The Little Review
Литература Драма Музыка Искусство
МАРГАРЕТ К. АНДЕРСОН РЕДАКТОР
NOVEMBER, 1915
“Life Itself” The Editor
The Zeppelins Over London Richard Aldington
Portrait of Theodore Dreiser Arthur Davison Ficke
Theodore Dreiser John Cowper Powys
“So We Grew Together” Edgar Lee Masters
Choleric Comments Alexander S. Kaun
The Scavenger’s Swan Song
Dregs: Ben Hecht
Life
Depths
Gratitude
Editorials
John Cowper Powys on War Margery Currey
The Washington Square Players Saxe Commins
Rupert Brooke’s “Lithuania” at the Little Theater
Book Discussion:
An Inspired Publisher
Gogol’s “Taras Bulba”
Gorky’s “Chelkash, and Other Stories”
Andreyev’s “The Little Angel”
Chekhov’s “Russian Silhouettes”
Artzibashef’s “The Breaking Point”
Выходит ежемесячно
Цена экземпляра 15 центов
МАРГАРЕТ К. АНДЕРСОН, издатель Здание изящных искусств ЧИКАГО
Подписка 1,50 доллара в год
Зарегистрировано в почтовом отделении Чикаго как почтовое отправление второго класса
The Little Review
Том II
NOVEMBER, 1915
№ 8
Авторское право, 1915 г., Маргарет К. Андерсон
«Сама жизнь»
Маргарет К. Андерсон
I.
«Но вы не знаете Жизни», — говорят они постоянно.
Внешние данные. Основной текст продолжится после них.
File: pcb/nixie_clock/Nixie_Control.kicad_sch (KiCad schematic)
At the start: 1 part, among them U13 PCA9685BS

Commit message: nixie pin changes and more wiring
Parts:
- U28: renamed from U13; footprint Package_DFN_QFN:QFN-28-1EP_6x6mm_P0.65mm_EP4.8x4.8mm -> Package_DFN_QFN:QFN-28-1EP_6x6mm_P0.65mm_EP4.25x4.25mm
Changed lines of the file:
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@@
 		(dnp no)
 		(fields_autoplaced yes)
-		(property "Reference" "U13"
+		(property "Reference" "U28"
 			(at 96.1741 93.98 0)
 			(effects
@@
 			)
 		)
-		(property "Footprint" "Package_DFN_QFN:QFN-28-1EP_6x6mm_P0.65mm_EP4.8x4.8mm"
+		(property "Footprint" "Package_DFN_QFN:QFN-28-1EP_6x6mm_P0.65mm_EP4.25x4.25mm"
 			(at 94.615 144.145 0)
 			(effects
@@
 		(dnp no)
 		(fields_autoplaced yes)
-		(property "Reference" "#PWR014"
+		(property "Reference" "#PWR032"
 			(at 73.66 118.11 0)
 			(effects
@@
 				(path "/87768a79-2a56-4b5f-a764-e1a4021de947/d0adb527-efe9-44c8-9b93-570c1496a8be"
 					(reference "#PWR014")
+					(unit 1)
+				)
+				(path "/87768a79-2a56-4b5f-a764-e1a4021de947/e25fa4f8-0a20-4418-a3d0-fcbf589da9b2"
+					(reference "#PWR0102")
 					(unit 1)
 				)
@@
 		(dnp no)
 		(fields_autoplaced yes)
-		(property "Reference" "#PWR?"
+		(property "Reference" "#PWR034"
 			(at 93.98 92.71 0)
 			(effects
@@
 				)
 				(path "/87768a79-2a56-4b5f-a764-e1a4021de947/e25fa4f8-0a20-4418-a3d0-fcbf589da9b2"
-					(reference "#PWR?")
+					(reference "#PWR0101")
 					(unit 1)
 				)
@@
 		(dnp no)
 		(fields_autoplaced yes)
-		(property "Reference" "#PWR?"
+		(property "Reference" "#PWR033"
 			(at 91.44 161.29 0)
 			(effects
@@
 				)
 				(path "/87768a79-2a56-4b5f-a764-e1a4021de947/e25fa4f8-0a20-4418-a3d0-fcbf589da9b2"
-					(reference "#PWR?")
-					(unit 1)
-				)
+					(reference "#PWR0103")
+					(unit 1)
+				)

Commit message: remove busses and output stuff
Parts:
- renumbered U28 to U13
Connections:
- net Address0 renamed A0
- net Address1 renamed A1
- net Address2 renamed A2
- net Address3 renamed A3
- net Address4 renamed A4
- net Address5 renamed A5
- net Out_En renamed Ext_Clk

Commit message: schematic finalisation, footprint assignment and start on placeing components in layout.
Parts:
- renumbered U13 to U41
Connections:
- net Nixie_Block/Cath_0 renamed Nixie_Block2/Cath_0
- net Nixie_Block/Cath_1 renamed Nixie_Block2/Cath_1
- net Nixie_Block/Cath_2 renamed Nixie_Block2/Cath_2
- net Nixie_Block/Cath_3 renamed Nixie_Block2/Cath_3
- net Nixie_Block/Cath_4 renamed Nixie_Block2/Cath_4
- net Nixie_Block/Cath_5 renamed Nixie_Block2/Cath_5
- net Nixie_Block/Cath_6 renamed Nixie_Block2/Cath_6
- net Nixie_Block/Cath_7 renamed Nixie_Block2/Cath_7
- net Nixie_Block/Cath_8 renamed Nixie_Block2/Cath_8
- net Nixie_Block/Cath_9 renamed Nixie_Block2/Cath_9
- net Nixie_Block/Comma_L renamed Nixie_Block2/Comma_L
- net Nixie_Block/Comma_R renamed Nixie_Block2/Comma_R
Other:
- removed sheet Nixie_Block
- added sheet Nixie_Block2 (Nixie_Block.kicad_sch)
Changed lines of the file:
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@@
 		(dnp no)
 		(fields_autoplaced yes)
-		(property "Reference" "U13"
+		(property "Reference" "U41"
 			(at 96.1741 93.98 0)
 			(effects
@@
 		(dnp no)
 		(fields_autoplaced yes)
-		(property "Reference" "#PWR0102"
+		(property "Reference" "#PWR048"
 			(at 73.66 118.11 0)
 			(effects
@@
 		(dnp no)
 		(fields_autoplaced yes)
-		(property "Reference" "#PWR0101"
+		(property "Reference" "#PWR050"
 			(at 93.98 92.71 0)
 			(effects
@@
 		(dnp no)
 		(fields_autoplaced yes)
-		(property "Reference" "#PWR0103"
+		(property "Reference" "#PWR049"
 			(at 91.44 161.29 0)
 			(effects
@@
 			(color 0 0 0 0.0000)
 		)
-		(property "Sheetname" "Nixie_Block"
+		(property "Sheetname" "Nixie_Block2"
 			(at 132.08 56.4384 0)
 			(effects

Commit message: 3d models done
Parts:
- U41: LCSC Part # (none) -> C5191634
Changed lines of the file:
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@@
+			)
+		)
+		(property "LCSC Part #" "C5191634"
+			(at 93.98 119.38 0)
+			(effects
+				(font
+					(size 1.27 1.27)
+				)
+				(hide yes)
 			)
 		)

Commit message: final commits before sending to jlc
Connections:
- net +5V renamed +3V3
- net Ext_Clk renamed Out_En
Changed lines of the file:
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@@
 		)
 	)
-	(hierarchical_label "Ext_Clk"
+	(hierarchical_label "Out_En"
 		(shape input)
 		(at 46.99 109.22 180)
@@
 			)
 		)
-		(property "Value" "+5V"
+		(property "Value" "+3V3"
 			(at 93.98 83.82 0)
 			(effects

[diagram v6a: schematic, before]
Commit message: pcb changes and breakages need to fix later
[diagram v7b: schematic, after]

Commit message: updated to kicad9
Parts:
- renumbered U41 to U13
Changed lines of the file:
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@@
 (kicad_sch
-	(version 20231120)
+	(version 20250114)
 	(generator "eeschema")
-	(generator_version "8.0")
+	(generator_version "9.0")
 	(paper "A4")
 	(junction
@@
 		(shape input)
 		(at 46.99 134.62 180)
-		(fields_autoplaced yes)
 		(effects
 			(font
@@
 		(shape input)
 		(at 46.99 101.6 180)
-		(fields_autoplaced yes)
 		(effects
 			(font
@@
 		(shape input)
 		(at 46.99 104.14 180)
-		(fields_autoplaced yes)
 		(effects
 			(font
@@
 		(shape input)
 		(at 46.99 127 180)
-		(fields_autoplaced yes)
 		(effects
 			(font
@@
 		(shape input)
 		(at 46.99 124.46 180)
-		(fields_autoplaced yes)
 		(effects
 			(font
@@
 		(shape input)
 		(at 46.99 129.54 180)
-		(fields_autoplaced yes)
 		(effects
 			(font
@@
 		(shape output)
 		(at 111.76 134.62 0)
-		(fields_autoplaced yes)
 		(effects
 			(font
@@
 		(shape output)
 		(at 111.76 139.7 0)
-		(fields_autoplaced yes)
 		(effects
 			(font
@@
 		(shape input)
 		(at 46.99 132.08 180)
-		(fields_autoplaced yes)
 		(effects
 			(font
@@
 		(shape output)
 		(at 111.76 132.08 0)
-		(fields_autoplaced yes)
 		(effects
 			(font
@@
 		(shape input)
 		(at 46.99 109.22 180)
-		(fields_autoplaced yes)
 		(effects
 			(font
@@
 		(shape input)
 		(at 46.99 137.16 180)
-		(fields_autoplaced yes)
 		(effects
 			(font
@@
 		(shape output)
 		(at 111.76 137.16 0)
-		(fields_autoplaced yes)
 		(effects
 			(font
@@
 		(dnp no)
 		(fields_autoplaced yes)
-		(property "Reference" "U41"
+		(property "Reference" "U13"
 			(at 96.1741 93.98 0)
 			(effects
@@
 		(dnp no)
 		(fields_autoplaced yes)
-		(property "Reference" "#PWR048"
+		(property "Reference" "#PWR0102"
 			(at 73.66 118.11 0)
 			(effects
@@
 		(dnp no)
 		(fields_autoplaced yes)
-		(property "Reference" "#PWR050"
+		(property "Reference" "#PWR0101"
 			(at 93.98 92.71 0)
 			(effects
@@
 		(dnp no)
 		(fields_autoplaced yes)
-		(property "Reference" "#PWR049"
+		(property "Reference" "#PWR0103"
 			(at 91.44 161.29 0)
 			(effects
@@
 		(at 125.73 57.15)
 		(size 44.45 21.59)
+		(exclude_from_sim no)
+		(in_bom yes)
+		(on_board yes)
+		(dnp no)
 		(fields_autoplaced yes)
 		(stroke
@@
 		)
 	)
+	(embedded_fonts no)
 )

Интересно, что они имеют в виду?
Они имеют в виду человечество и его порывы:
В начале и в конце — стремление души быть познанной, познать саму себя и познать других;
А это значит, в начале и в конце, — поиск любви;
Это идеал любви и обретение его;
И магия этого, и истощение от разочарования;
И роскошь печали, и сладострастие страдания;
И вакуум, что за пределами смерти;
И убеждение, что идеалы лучше реальности;
И решение жить ради «искусства»;
И тяга к новой любви...
И открытие, что любовь — это порабощение;
И разрыв с ней;
И мужество вместить в себя жизнь;
И освобождение от чего-то;
И самоуспокоенность первой свободы;
И пустота её;
И тяга к новой любви...
И открытие, что восторг не переживается вновь;
И убеждение, что страсть — это не любовь;
И посвящение себя «духовному»;
И тяга к новой любви...
И глубочайшая агония — безответная любовь;
И осознание людей;
И открытие, что мир неправ;
И слава бунта;
И освобождение для чего-то;
И тяга к новой любви...
И рождение цинизма;
И убеждение, что бунт тщетен;
И открытие самого себя;
И посвящение себя самому себе;
И открытие, что ты сам недостаточно велик;
И тяга к новой любви...
И знание, что любовь включает в себя страсть;
И чувство богатого роста;
И надежда разделить этот рост;
И тоска по тому, чтобы быть познанным;
И отказ от этой тоски;
И открытие, что совершенство недолговечно;
И достаточность самоопределения;
И полнота свободы;
И тоска по познанию человеческой души;
И тяга к новой любви...
И отказ от этой тоски;
И открытие покоя, что есть в природе;
И осознание неважности человека;
И знание, что достижимы лишь великие моменты;
И ненависть к завершённости;
И осознание истин слишком поздно, чтобы действовать согласно им;
И принятие суррогатов;
И тяга к новой любви...
И каждый человек знает эти вещи.
II.
«Но вы не знаете саму жизнь», — говорю я постоянно.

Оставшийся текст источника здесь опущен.